::: Exercise material

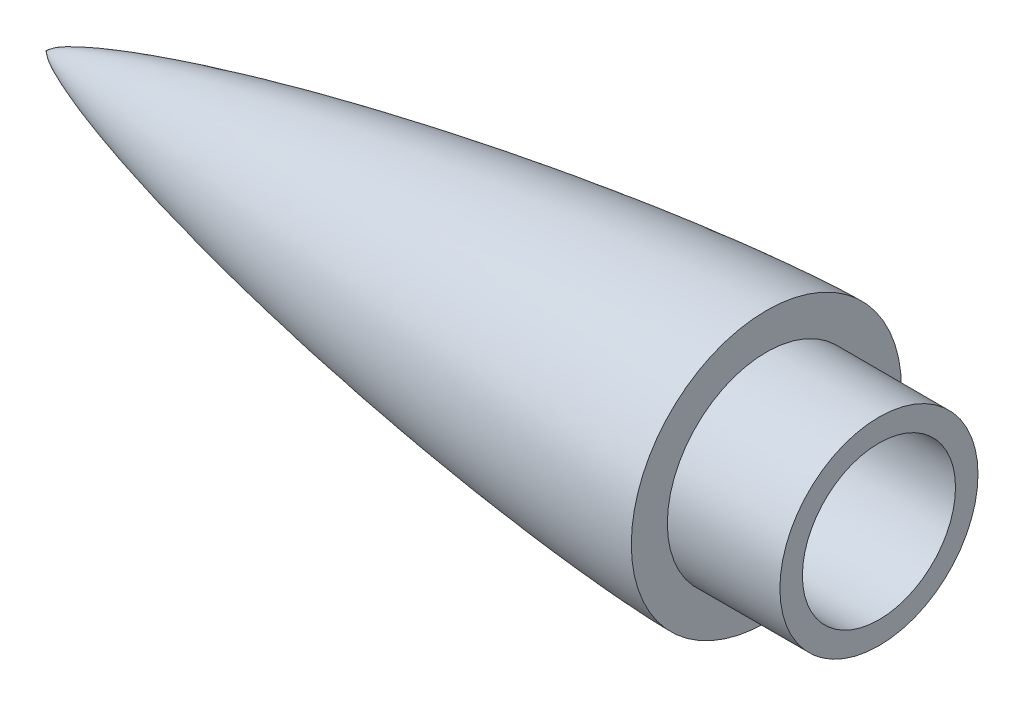
ISO-10303-21;
HEADER;
FILE_DESCRIPTION(('STEP AP214'),'2;1');
FILE_NAME('part.step','',(''),(''),'','','');
FILE_SCHEMA(('AUTOMOTIVE_DESIGN { 1 0 10303 214 1 1 1 1 }'));
ENDSEC;
DATA;
#1=APPLICATION_CONTEXT('core data for automotive mechanical design processes');
#2=APPLICATION_PROTOCOL_DEFINITION('international standard','automotive_design',2000,#1);
#3=PRODUCT_CONTEXT('',#1,'mechanical');
#4=PRODUCT('Part','Part','',(#3));
#5=PRODUCT_RELATED_PRODUCT_CATEGORY('part','',(#4));
#6=PRODUCT_DEFINITION_FORMATION('','',#4);
#7=PRODUCT_DEFINITION_CONTEXT('part definition',#1,'design');
#8=PRODUCT_DEFINITION('design','',#6,#7);
#9=PRODUCT_DEFINITION_SHAPE('','',#8);
#10=(LENGTH_UNIT() NAMED_UNIT(*) SI_UNIT(.MILLI.,.METRE.));
#11=(NAMED_UNIT(*) PLANE_ANGLE_UNIT() SI_UNIT($,.RADIAN.));
#12=(NAMED_UNIT(*) SI_UNIT($,.STERADIAN.) SOLID_ANGLE_UNIT());
#13=UNCERTAINTY_MEASURE_WITH_UNIT(LENGTH_MEASURE(1.E-05),#10,'distance_accuracy_value','');
#14=(GEOMETRIC_REPRESENTATION_CONTEXT(3) GLOBAL_UNCERTAINTY_ASSIGNED_CONTEXT((#13)) GLOBAL_UNIT_ASSIGNED_CONTEXT((#10,
#11,#12)) REPRESENTATION_CONTEXT('',''));
#15=CARTESIAN_POINT('',(0.,0.,0.));
#16=DIRECTION('',(0.,0.,1.));
#17=DIRECTION('',(1.,0.,0.));
#18=AXIS2_PLACEMENT_3D('',#15,#16,#17);
#19=CARTESIAN_POINT('',(203.2,38.1,0.));
#20=CARTESIAN_POINT('',(202.35327221032,38.0874213958234,0.));
#21=CARTESIAN_POINT('',(200.659520424033,38.0622597871542,0.));
#22=CARTESIAN_POINT('',(198.119532419599,37.9765799413632,0.));
#23=CARTESIAN_POINT('',(195.57959488154,37.8693159241633,0.));
#24=CARTESIAN_POINT('',(193.039628096979,37.7439638941085,0.));
#25=CARTESIAN_POINT('',(190.499433916601,37.6058607955,0.));
#26=CARTESIAN_POINT('',(187.959738312947,37.4453828045326,0.));
#27=CARTESIAN_POINT('',(185.41940740923,37.2805467532104,0.));
#28=CARTESIAN_POINT('',(182.879788526047,37.0944738883826,0.));
#29=CARTESIAN_POINT('',(180.33946372681,36.9063722468724,0.));
#30=CARTESIAN_POINT('',(177.799612105554,36.7017846900842,0.));
#31=CARTESIAN_POINT('',(175.259541694417,36.4890398775095,0.));
#32=CARTESIAN_POINT('',(172.719695975823,36.2644385209909,0.));
#33=CARTESIAN_POINT('',(170.179494349826,36.0344909493732,0.));
#34=CARTESIAN_POINT('',(167.639672440266,35.7919907975904,0.));
#35=CARTESIAN_POINT('',(165.09946837173,35.544159250664,0.));
#36=CARTESIAN_POINT('',(162.559603902815,35.2844073808833,0.));
#37=CARTESIAN_POINT('',(160.019782602626,35.0168092256419,0.));
#38=CARTESIAN_POINT('',(157.479398199388,34.746798042537,0.));
#39=CARTESIAN_POINT('',(154.939611185303,34.463630203018,0.));
#40=CARTESIAN_POINT('',(152.399527555006,34.1747050969731,0.));
#41=CARTESIAN_POINT('',(149.859772854648,33.876219817742,0.));
#42=CARTESIAN_POINT('',(147.319308064184,33.5760513179554,0.));
#43=CARTESIAN_POINT('',(144.779763921123,33.2615039153627,0.));
#44=CARTESIAN_POINT('',(142.239468652528,32.9454639692837,0.));
#45=CARTESIAN_POINT('',(139.699726053804,32.6191069300651,0.));
#46=CARTESIAN_POINT('',(137.159478506353,32.2899110321884,0.));
#47=CARTESIAN_POINT('',(134.619511087876,31.9517544969504,0.));
#48=CARTESIAN_POINT('',(132.079457119206,31.6066247539575,0.));
#49=CARTESIAN_POINT('',(129.539693062872,31.252658291611,0.));
#50=CARTESIAN_POINT('',(126.999445544764,30.8953765389603,0.));
#51=CARTESIAN_POINT('',(124.459447008919,30.5295172358954,0.));
#52=CARTESIAN_POINT('',(121.919633165503,30.1556584295223,0.));
#53=CARTESIAN_POINT('',(119.379693423668,29.7767843502303,0.));
#54=CARTESIAN_POINT('',(116.839102450566,29.3953513087696,0.));
#55=CARTESIAN_POINT('',(114.299975806128,28.9984900317736,0.));
#56=CARTESIAN_POINT('',(111.759066101772,28.6054687620931,0.));
#57=CARTESIAN_POINT('',(109.219710980277,28.1966354373702,0.));
#58=CARTESIAN_POINT('',(106.679303419832,27.7867804080981,0.));
#59=CARTESIAN_POINT('',(104.139704710616,27.3660518151296,0.));
#60=CARTESIAN_POINT('',(101.599001733031,26.9442953677879,0.));
#61=CARTESIAN_POINT('',(99.0599787123121,26.5067180778773,0.));
#62=CARTESIAN_POINT('',(96.5189676014558,26.0731094879401,0.));
#63=CARTESIAN_POINT('',(93.979715377483,25.6234323083014,0.));
#64=CARTESIAN_POINT('',(91.438974155588,25.1737153098106,0.));
#65=CARTESIAN_POINT('',(88.8996642393873,24.7092563693429,0.));
#66=CARTESIAN_POINT('',(86.3592242289511,24.2434033277482,0.));
#67=CARTESIAN_POINT('',(83.8196430482231,23.766986240292,0.));
#68=CARTESIAN_POINT('',(81.2789714656036,23.2887242795363,0.));
#69=CARTESIAN_POINT('',(78.7393187855271,22.7974529378229,0.));
#70=CARTESIAN_POINT('',(76.1993146199525,22.2995998220212,0.));
#71=CARTESIAN_POINT('',(73.6589123875606,21.7952177722481,0.));
#72=CARTESIAN_POINT('',(71.1196416290707,21.2776442591767,0.));
#73=CARTESIAN_POINT('',(68.5788730797881,20.7589410297143,0.));
#74=CARTESIAN_POINT('',(66.0393165771156,20.2267231686094,0.));
#75=CARTESIAN_POINT('',(63.4989115312543,19.6892441393695,0.));
#76=CARTESIAN_POINT('',(60.9589691573658,19.1402421077224,0.));
#77=CARTESIAN_POINT('',(58.4188686923172,18.5818045967568,0.));
#78=CARTESIAN_POINT('',(55.879290862722,18.0117480094025,0.));
#79=CARTESIAN_POINT('',(53.3385126434733,17.4368137050718,0.));
#80=CARTESIAN_POINT('',(50.7989012260591,16.8465774296985,0.));
#81=CARTESIAN_POINT('',(48.2589378728255,16.2469301167611,0.));
#82=CARTESIAN_POINT('',(45.7180895628018,15.6390165023082,0.));
#83=CARTESIAN_POINT('',(43.1789907495377,15.0120826942404,0.));
#84=CARTESIAN_POINT('',(40.6380352515663,14.3790903419921,0.));
#85=CARTESIAN_POINT('',(38.0985953262379,13.7273572736047,0.));
#86=CARTESIAN_POINT('',(35.557729537105,13.0658929841941,0.));
#87=CARTESIAN_POINT('',(33.0177048142457,12.3850121370449,0.));
#88=CARTESIAN_POINT('',(30.4781859829415,11.6854540622966,0.));
#89=CARTESIAN_POINT('',(27.9368627464543,10.9736458090148,0.));
#90=CARTESIAN_POINT('',(25.3969033448791,10.2365404000852,0.));
#91=CARTESIAN_POINT('',(22.8569404975014,9.47667598927694,0.));
#92=CARTESIAN_POINT('',(20.3155382178336,8.69595038680452,0.));
#93=CARTESIAN_POINT('',(17.7752083185613,7.88273485640195,0.));
#94=CARTESIAN_POINT('',(15.2338471259066,7.03786564324004,0.));
#95=CARTESIAN_POINT('',(12.6917846130751,6.1525424530211,0.));
#96=CARTESIAN_POINT('',(10.1498176031452,5.21509463858698,0.));
#97=CARTESIAN_POINT('',(7.60101138969957,4.21844923300136,0.));
#98=CARTESIAN_POINT('',(5.31163155333795,3.21455412238019,0.));
#99=CARTESIAN_POINT('',(3.85043781881059,2.56181745659905,0.));
#100=CARTESIAN_POINT('',(3.25635969447798,2.25175212869138,0.));
#101=B_SPLINE_CURVE_WITH_KNOTS('',3,(#19,#20,#21,#22,#23,#24,#25,#26,#27,#28,#29,#30,#31,#32,
#33,#34,#35,#36,#37,#38,#39,#40,#41,#42,#43,#44,#45,#46,#47,#48,#49,#50,#51,#52,#53,#54,#55,#56,
#57,#58,#59,#60,#61,#62,#63,#64,#65,#66,#67,#68,#69,#70,#71,#72,#73,#74,#75,#76,#77,#78,#79,#80,
#81,#82,#83,#84,#85,#86,#87,#88,#89,#90,#91,#92,#93,#94,#95,#96,#97,#98,#99,#100),.UNSPECIFIED.,
.F.,.F.,(4,1,1,1,1,1,1,1,1,1,1,1,1,1,1,1,1,1,1,1,1,1,1,1,1,1,1,1,1,1,1,1,1,1,1,1,1,1,1,1,1,1,1,
1,1,1,1,1,1,1,1,1,1,1,1,1,1,1,1,1,1,1,1,1,1,1,1,1,1,1,1,1,1,1,1,1,1,1,1,4),(0.,
0.0122214576910475,0.0244471907590049,0.0366774418860184,0.0489115808707918,0.0611495271717135,
0.0733924687782657,0.085638532178157,0.0978896424197724,0.110143439804819,0.122401958066926,
0.134664470902747,0.146931171772001,0.159201140505446,0.171475635344876,0.183753651362312,
0.196036530904353,0.208323184430144,0.220612414051986,0.232906939986116,0.24520556413716,
0.257508394370645,0.269814088529882,0.282125654079791,0.294440227026184,0.306759400595471,
0.31908170088014,0.331408780597301,0.34374074686723,0.356077706682913,0.36841805490562,
0.380763574705866,0.39311437272464,0.405468748733377,0.417826750026271,0.430192143603126,
0.442559414744232,0.454934313954287,0.467313097809637,0.479697796772066,0.492086497833172,
0.504483343752196,0.516882255156344,0.529289545408145,0.541701095145086,0.55412130373465,
0.566545911594214,0.578977205524542,0.591413014872987,0.60385799412021,0.616309972269369,
0.62876905324961,0.641237766031493,0.653711363748566,0.666194869134613,0.67868592563073,
0.691187210395973,0.703698906015472,0.716221194618961,0.728751547205512,0.741295566312625,
0.753850721996889,0.766417194503259,0.7790009791362,0.791596529062166,0.804210061487715,
0.816838884916885,0.829489580433592,0.842162687623285,0.85485543211962,0.867578367943308,
0.880332371951203,0.893118314608214,0.905948184925776,0.91882735853734,0.931769632112245,
0.944794478292494,0.957932690655188,0.971243646055015,0.980922397956935),.UNSPECIFIED.);
#102=CARTESIAN_POINT('',(0.,0.,0.));
#103=DIRECTION('',(-1.,0.,0.));
#104=AXIS1_PLACEMENT('',#102,#103);
#105=SURFACE_OF_REVOLUTION('',#101,#104);
#106=OFFSET_SURFACE('',#105,-2.54,.F.);
#107=CARTESIAN_POINT('',(197.355554907475,0.,0.));
#108=DIRECTION('',(-1.,0.,0.));
#109=DIRECTION('',(0.,0.,1.));
#110=AXIS2_PLACEMENT_3D('',#107,#108,#109);
#111=CIRCLE('',#110,35.4009078823519);
#112=CARTESIAN_POINT('',(197.355554907475,0.,35.4009078823519));
#113=VERTEX_POINT('',#112);
#114=EDGE_CURVE('E12',#113,#113,#111,.F.);
#115=ORIENTED_EDGE('',*,*,#114,.T.);
#116=EDGE_LOOP('',(#115));
#117=FACE_BOUND('',#116,.T.);
#118=CARTESIAN_POINT('',(4.4316096044689,0.,0.));
#119=VERTEX_POINT('',#118);
#120=VERTEX_LOOP('',#119);
#121=FACE_BOUND('',#120,.T.);
#122=ADVANCED_FACE('F42',(#117,#121),#106,.F.);
#123=CARTESIAN_POINT('',(200.66,0.,0.));
#124=DIRECTION('',(-1.,0.,0.));
#125=DIRECTION('',(0.,0.,1.));
#126=AXIS2_PLACEMENT_3D('',#123,#124,#125);
#127=PLANE('',#126);
#128=CARTESIAN_POINT('',(200.66,0.,0.));
#129=DIRECTION('',(-1.,0.,0.));
#130=DIRECTION('',(0.,0.,1.));
#131=AXIS2_PLACEMENT_3D('',#128,#129,#130);
#132=CIRCLE('',#131,24.765);
#133=CARTESIAN_POINT('',(200.66,0.,24.765));
#134=VERTEX_POINT('',#133);
#135=EDGE_CURVE('E117',#134,#134,#132,.F.);
#136=ORIENTED_EDGE('',*,*,#135,.T.);
#137=EDGE_LOOP('',(#136));
#138=FACE_BOUND('',#137,.T.);
#139=CARTESIAN_POINT('',(200.66,0.,0.));
#140=DIRECTION('',(-1.,0.,0.));
#141=DIRECTION('',(0.,0.,1.));
#142=AXIS2_PLACEMENT_3D('',#139,#140,#141);
#143=CIRCLE('',#142,32.2285477249893);
#144=CARTESIAN_POINT('',(200.66,0.,32.2285477249893));
#145=VERTEX_POINT('',#144);
#146=EDGE_CURVE('E70',#145,#145,#143,.T.);
#147=ORIENTED_EDGE('',*,*,#146,.T.);
#148=EDGE_LOOP('',(#147));
#149=FACE_BOUND('',#148,.T.);
#150=ADVANCED_FACE('F60',(#138,#149),#127,.T.);
#151=CARTESIAN_POINT('',(203.2,38.1,0.));
#152=CARTESIAN_POINT('',(202.35327221032,38.0874213958234,0.));
#153=CARTESIAN_POINT('',(200.659520424033,38.0622597871542,0.));
#154=CARTESIAN_POINT('',(198.119532419599,37.9765799413632,0.));
#155=CARTESIAN_POINT('',(195.57959488154,37.8693159241633,0.));
#156=CARTESIAN_POINT('',(193.039628096979,37.7439638941085,0.));
#157=CARTESIAN_POINT('',(190.499433916601,37.6058607955,0.));
#158=CARTESIAN_POINT('',(187.959738312947,37.4453828045326,0.));
#159=CARTESIAN_POINT('',(185.41940740923,37.2805467532104,0.));
#160=CARTESIAN_POINT('',(182.879788526047,37.0944738883826,0.));
#161=CARTESIAN_POINT('',(180.33946372681,36.9063722468724,0.));
#162=CARTESIAN_POINT('',(177.799612105554,36.7017846900842,0.));
#163=CARTESIAN_POINT('',(175.259541694417,36.4890398775095,0.));
#164=CARTESIAN_POINT('',(172.719695975823,36.2644385209909,0.));
#165=CARTESIAN_POINT('',(170.179494349826,36.0344909493732,0.));
#166=CARTESIAN_POINT('',(167.639672440266,35.7919907975904,0.));
#167=CARTESIAN_POINT('',(165.09946837173,35.544159250664,0.));
#168=CARTESIAN_POINT('',(162.559603902815,35.2844073808833,0.));
#169=CARTESIAN_POINT('',(160.019782602626,35.0168092256419,0.));
#170=CARTESIAN_POINT('',(157.479398199388,34.746798042537,0.));
#171=CARTESIAN_POINT('',(154.939611185303,34.463630203018,0.));
#172=CARTESIAN_POINT('',(152.399527555006,34.1747050969731,0.));
#173=CARTESIAN_POINT('',(149.859772854648,33.876219817742,0.));
#174=CARTESIAN_POINT('',(147.319308064184,33.5760513179554,0.));
#175=CARTESIAN_POINT('',(144.779763921123,33.2615039153627,0.));
#176=CARTESIAN_POINT('',(142.239468652528,32.9454639692837,0.));
#177=CARTESIAN_POINT('',(139.699726053804,32.6191069300651,0.));
#178=CARTESIAN_POINT('',(137.159478506353,32.2899110321884,0.));
#179=CARTESIAN_POINT('',(134.619511087876,31.9517544969504,0.));
#180=CARTESIAN_POINT('',(132.079457119206,31.6066247539575,0.));
#181=CARTESIAN_POINT('',(129.539693062872,31.252658291611,0.));
#182=CARTESIAN_POINT('',(126.999445544764,30.8953765389603,0.));
#183=CARTESIAN_POINT('',(124.459447008919,30.5295172358954,0.));
#184=CARTESIAN_POINT('',(121.919633165503,30.1556584295223,0.));
#185=CARTESIAN_POINT('',(119.379693423668,29.7767843502303,0.));
#186=CARTESIAN_POINT('',(116.839102450566,29.3953513087696,0.));
#187=CARTESIAN_POINT('',(114.299975806128,28.9984900317736,0.));
#188=CARTESIAN_POINT('',(111.759066101772,28.6054687620931,0.));
#189=CARTESIAN_POINT('',(109.219710980277,28.1966354373702,0.));
#190=CARTESIAN_POINT('',(106.679303419832,27.7867804080981,0.));
#191=CARTESIAN_POINT('',(104.139704710616,27.3660518151296,0.));
#192=CARTESIAN_POINT('',(101.599001733031,26.9442953677879,0.));
#193=CARTESIAN_POINT('',(99.0599787123121,26.5067180778773,0.));
#194=CARTESIAN_POINT('',(96.5189676014558,26.0731094879401,0.));
#195=CARTESIAN_POINT('',(93.979715377483,25.6234323083014,0.));
#196=CARTESIAN_POINT('',(91.438974155588,25.1737153098106,0.));
#197=CARTESIAN_POINT('',(88.8996642393873,24.7092563693429,0.));
#198=CARTESIAN_POINT('',(86.3592242289511,24.2434033277482,0.));
#199=CARTESIAN_POINT('',(83.8196430482231,23.766986240292,0.));
#200=CARTESIAN_POINT('',(81.2789714656036,23.2887242795363,0.));
#201=CARTESIAN_POINT('',(78.7393187855271,22.7974529378229,0.));
#202=CARTESIAN_POINT('',(76.1993146199525,22.2995998220212,0.));
#203=CARTESIAN_POINT('',(73.6589123875606,21.7952177722481,0.));
#204=CARTESIAN_POINT('',(71.1196416290707,21.2776442591767,0.));
#205=CARTESIAN_POINT('',(68.5788730797881,20.7589410297143,0.));
#206=CARTESIAN_POINT('',(66.0393165771156,20.2267231686094,0.));
#207=CARTESIAN_POINT('',(63.4989115312543,19.6892441393695,0.));
#208=CARTESIAN_POINT('',(60.9589691573658,19.1402421077224,0.));
#209=CARTESIAN_POINT('',(58.4188686923172,18.5818045967568,0.));
#210=CARTESIAN_POINT('',(55.879290862722,18.0117480094025,0.));
#211=CARTESIAN_POINT('',(53.3385126434733,17.4368137050718,0.));
#212=CARTESIAN_POINT('',(50.7989012260591,16.8465774296985,0.));
#213=CARTESIAN_POINT('',(48.2589378728255,16.2469301167611,0.));
#214=CARTESIAN_POINT('',(45.7180895628018,15.6390165023082,0.));
#215=CARTESIAN_POINT('',(43.1789907495377,15.0120826942404,0.));
#216=CARTESIAN_POINT('',(40.6380352515663,14.3790903419921,0.));
#217=CARTESIAN_POINT('',(38.0985953262379,13.7273572736047,0.));
#218=CARTESIAN_POINT('',(35.557729537105,13.0658929841941,0.));
#219=CARTESIAN_POINT('',(33.0177048142457,12.3850121370449,0.));
#220=CARTESIAN_POINT('',(30.4781859829415,11.6854540622966,0.));
#221=CARTESIAN_POINT('',(27.9368627464543,10.9736458090148,0.));
#222=CARTESIAN_POINT('',(25.3969033448791,10.2365404000852,0.));
#223=CARTESIAN_POINT('',(22.8569404975014,9.47667598927694,0.));
#224=CARTESIAN_POINT('',(20.3155382178336,8.69595038680452,0.));
#225=CARTESIAN_POINT('',(17.7752083185613,7.88273485640195,0.));
#226=CARTESIAN_POINT('',(15.2338471259066,7.03786564324004,0.));
#227=CARTESIAN_POINT('',(12.6917846130751,6.1525424530211,0.));
#228=CARTESIAN_POINT('',(10.1498176031452,5.21509463858698,0.));
#229=CARTESIAN_POINT('',(7.60101138969957,4.21844923300136,0.));
#230=CARTESIAN_POINT('',(5.06095593839421,3.10463264050241,0.));
#231=CARTESIAN_POINT('',(2.38584190073711,1.90585236842649,0.));
#232=CARTESIAN_POINT('',(0.822235741854195,0.656816336209697,0.));
#233=CARTESIAN_POINT('',(0.,0.,0.));
#234=B_SPLINE_CURVE_WITH_KNOTS('',3,(#151,#152,#153,#154,#155,#156,#157,#158,#159,#160,#161,
#162,#163,#164,#165,#166,#167,#168,#169,#170,#171,#172,#173,#174,#175,#176,#177,#178,#179,#180,
#181,#182,#183,#184,#185,#186,#187,#188,#189,#190,#191,#192,#193,#194,#195,#196,#197,#198,#199,
#200,#201,#202,#203,#204,#205,#206,#207,#208,#209,#210,#211,#212,#213,#214,#215,#216,#217,#218,
#219,#220,#221,#222,#223,#224,#225,#226,#227,#228,#229,#230,#231,#232,#233),.UNSPECIFIED.,.F.,
.F.,(4,1,1,1,1,1,1,1,1,1,1,1,1,1,1,1,1,1,1,1,1,1,1,1,1,1,1,1,1,1,1,1,1,1,1,1,1,1,1,1,1,1,1,1,1,
1,1,1,1,1,1,1,1,1,1,1,1,1,1,1,1,1,1,1,1,1,1,1,1,1,1,1,1,1,1,1,1,1,1,1,4),(0.,0.0122214576910475,
0.0244471907590049,0.0366774418860184,0.0489115808707918,0.0611495271717135,0.0733924687782657,
0.085638532178157,0.0978896424197724,0.110143439804819,0.122401958066926,0.134664470902747,
0.146931171772001,0.159201140505446,0.171475635344876,0.183753651362312,0.196036530904353,
0.208323184430144,0.220612414051986,0.232906939986116,0.24520556413716,0.257508394370645,
0.269814088529882,0.282125654079791,0.294440227026184,0.306759400595471,0.31908170088014,
0.331408780597301,0.34374074686723,0.356077706682913,0.36841805490562,0.380763574705866,
0.39311437272464,0.405468748733377,0.417826750026271,0.430192143603126,0.442559414744232,
0.454934313954287,0.467313097809637,0.479697796772066,0.492086497833172,0.504483343752196,
0.516882255156344,0.529289545408145,0.541701095145086,0.55412130373465,0.566545911594214,
0.578977205524542,0.591413014872987,0.60385799412021,0.616309972269369,0.62876905324961,
0.641237766031493,0.653711363748566,0.666194869134613,0.67868592563073,0.691187210395973,
0.703698906015472,0.716221194618961,0.728751547205512,0.741295566312625,0.753850721996889,
0.766417194503259,0.7790009791362,0.791596529062166,0.804210061487715,0.816838884916885,
0.829489580433592,0.842162687623285,0.85485543211962,0.867578367943308,0.880332371951203,
0.893118314608214,0.905948184925776,0.91882735853734,0.931769632112245,0.944794478292494,
0.957932690655188,0.971243646055015,0.984878224043407,1.),.UNSPECIFIED.);
#235=CARTESIAN_POINT('',(0.,0.,0.));
#236=DIRECTION('',(-1.,0.,0.));
#237=AXIS1_PLACEMENT('',#235,#236);
#238=SURFACE_OF_REVOLUTION('',#234,#237);
#239=CARTESIAN_POINT('',(0.,0.,0.));
#240=VERTEX_POINT('',#239);
#241=VERTEX_LOOP('',#240);
#242=FACE_BOUND('',#241,.T.);
#243=CARTESIAN_POINT('',(203.2,0.,0.));
#244=DIRECTION('',(-1.,0.,0.));
#245=DIRECTION('',(0.,0.,1.));
#246=AXIS2_PLACEMENT_3D('',#243,#244,#245);
#247=CIRCLE('',#246,38.1);
#248=CARTESIAN_POINT('',(203.2,0.,38.1));
#249=VERTEX_POINT('',#248);
#250=EDGE_CURVE('E64',#249,#249,#247,.T.);
#251=ORIENTED_EDGE('',*,*,#250,.T.);
#252=EDGE_LOOP('',(#251));
#253=FACE_BOUND('',#252,.T.);
#254=ADVANCED_FACE('F56',(#242,#253),#238,.T.);
#255=CARTESIAN_POINT('',(203.2,0.,0.));
#256=DIRECTION('',(-1.,0.,0.));
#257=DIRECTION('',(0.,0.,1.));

::::::

▶ To do
Above are the entries. Copy exactly the part that opens with the line containing "#15=CARTESIAN_POINT('',(0.,0.,0.));" and closes with the line containing "#36=CARTESIAN_POINT('',(162.559603902815,35.2844073808833,0.));", and no more.

▶ Output
#15=CARTESIAN_POINT('',(0.,0.,0.));
#16=DIRECTION('',(0.,0.,1.));
#17=DIRECTION('',(1.,0.,0.));
#18=AXIS2_PLACEMENT_3D('',#15,#16,#17);
#19=CARTESIAN_POINT('',(203.2,38.1,0.));
#20=CARTESIAN_POINT('',(202.35327221032,38.0874213958234,0.));
#21=CARTESIAN_POINT('',(200.659520424033,38.0622597871542,0.));
#22=CARTESIAN_POINT('',(198.119532419599,37.9765799413632,0.));
#23=CARTESIAN_POINT('',(195.57959488154,37.8693159241633,0.));
#24=CARTESIAN_POINT('',(193.039628096979,37.7439638941085,0.));
#25=CARTESIAN_POINT('',(190.499433916601,37.6058607955,0.));
#26=CARTESIAN_POINT('',(187.959738312947,37.4453828045326,0.));
#27=CARTESIAN_POINT('',(185.41940740923,37.2805467532104,0.));
#28=CARTESIAN_POINT('',(182.879788526047,37.0944738883826,0.));
#29=CARTESIAN_POINT('',(180.33946372681,36.9063722468724,0.));
#30=CARTESIAN_POINT('',(177.799612105554,36.7017846900842,0.));
#31=CARTESIAN_POINT('',(175.259541694417,36.4890398775095,0.));
#32=CARTESIAN_POINT('',(172.719695975823,36.2644385209909,0.));
#33=CARTESIAN_POINT('',(170.179494349826,36.0344909493732,0.));
#34=CARTESIAN_POINT('',(167.639672440266,35.7919907975904,0.));
#35=CARTESIAN_POINT('',(165.09946837173,35.544159250664,0.));
#36=CARTESIAN_POINT('',(162.559603902815,35.2844073808833,0.));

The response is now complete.